This is more of a curiosity at the moment, but let's picture an environment where I bill on a staunch nickle&dime basis. I have many operations that my system does and they're all billable. All these operations are recorded across various tables (these tables need to be separate because they record very different kinds of information). I also want to micro manage my accounts receivables. (Forgive me if you find inconsistencies here, as this example is not a real situation)

Is there a somewhat standard way of substituting a foreign key with something that can verify that the identifier in column X on my billing table is an existing identifier within one of many operations record tables?

One idea is that when journalizing account activity, I could reference the operation's identifier as well as the operation (specifically, the table that it's in) and use a CHECK constraint. This is probably the best way to go so that my journal is not ambiguous.

Are there other ways to solve this problem, de-facto or proprietary?

Do non-relational databases solve this problem?

EDIT:

To rephrase my initial question,

Is there a somewhat standard way of substituting a foreign key with something that can verify that the identifier in column X on my billing table is an existing identifier within one of many (but not necessarily all) operations record tables?

+2  A: 

No, there's no way to achieve this with a single foreign key column.

You can do basically one of two things:

  • in your table which potentially references any of the other x tables, have x foreign key reference fields (ideally: ID's of type INT), only one of which will ever be non-NULL at any given time.

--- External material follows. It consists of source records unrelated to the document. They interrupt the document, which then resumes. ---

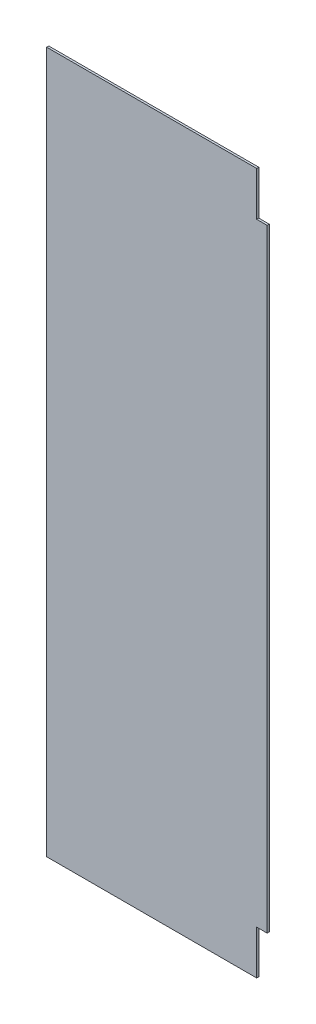
SolidWorks part; units mm, degrees
ref_plane "Спереди" through (0, 0, 0) normal (0, 0, 1) x (1, 0, 0)
ref_plane "Сверху" through (0, 0, 0) normal (0, 1, 0) x (1, 0, 0)
ref_plane "Справа" through (0, 0, 0) normal (1, 0, 0) x (0, 0, -1)
sketch "Эскиз1" plane through (0, 0, 0) normal (0, 0, 1) x (1, 0, 0)
  line L0 (23.5, 14.6) -> (24, 14.6)
  line L1 (13.5, -16.7) -> (23.5, -16.7)
  line L2 (13.5, -16.7) -> (13.5, 16.7)
  line L3 (13.5, 16.7) -> (23.5, 16.7)
  line L4 (23.5, -16.7) -> (23.5, -14.6)
  line L5 (13.5, -16.7) -> (23.5, 16.7) construction
  line L6 (13.5, 16.7) -> (23.5, -16.7) construction
  line L7 (24, -14.8) -> (24, 14.8) construction
  line L8 (24, 14.6) -> (24, -14.6)
  line L9 (-23.7, 17) -> (23.5, 17) construction
  line L10 (23.5, 17) -> (23.5, 14.8) construction
  line L11 (24, -14.6) -> (23.5, -14.6)
  line L12 (23.5, 14.6) -> (23.5, 16.7)
  line L13 (23.5, 14.8) -> (24, 14.8) construction
  point P0 (18.5, 0)
  point P14 (24, 0)
  dimension "D1" = 10
  dimension "D2" = 0.3
  dimension "D3" = 0.2
extrude "Бобышка-Вытянуть1" add sketch "Эскиз1" along normal blind 0.1

Each FK reference key references exactly one of your other data tables

or:

  • have one "child" table per master table with a proper and enforced reference, and pull together the data from those n child tables into a view (instead of a table) for your reporting / billing.

Or just totally forget about referential integrity - which I would definitely not recommend!

marc_s
I agree with what you said, except I'm seeking an alternative to foreign key for this check of integrity. Although OMG Ponies informed me that it can't be done with a CHECK so now I'm now I'm totally at a loss. I really don't want to have to add dozens of nullable FK columns to satisfy all of the possible operations.
andyortlieb
+1  A: 

An alternative is to enforce complex referential integrity rules via a trigger. However,and not knowing exactly what your design is, usually when these types of questions are asked it is to work around a bad design. Look at the design first and see if you can change it to make this something that can be handled through FKs, they are much more managable than doing this sort of thing through triggers.

If you do go the trigger route, don't forget to enforce updates as well as inserts and make sure your trigger will work properly with a set-based multi-row insert and update.

A design alternative is to havea amaster table that is parent to all your tables with the differnt details and use the FK against that.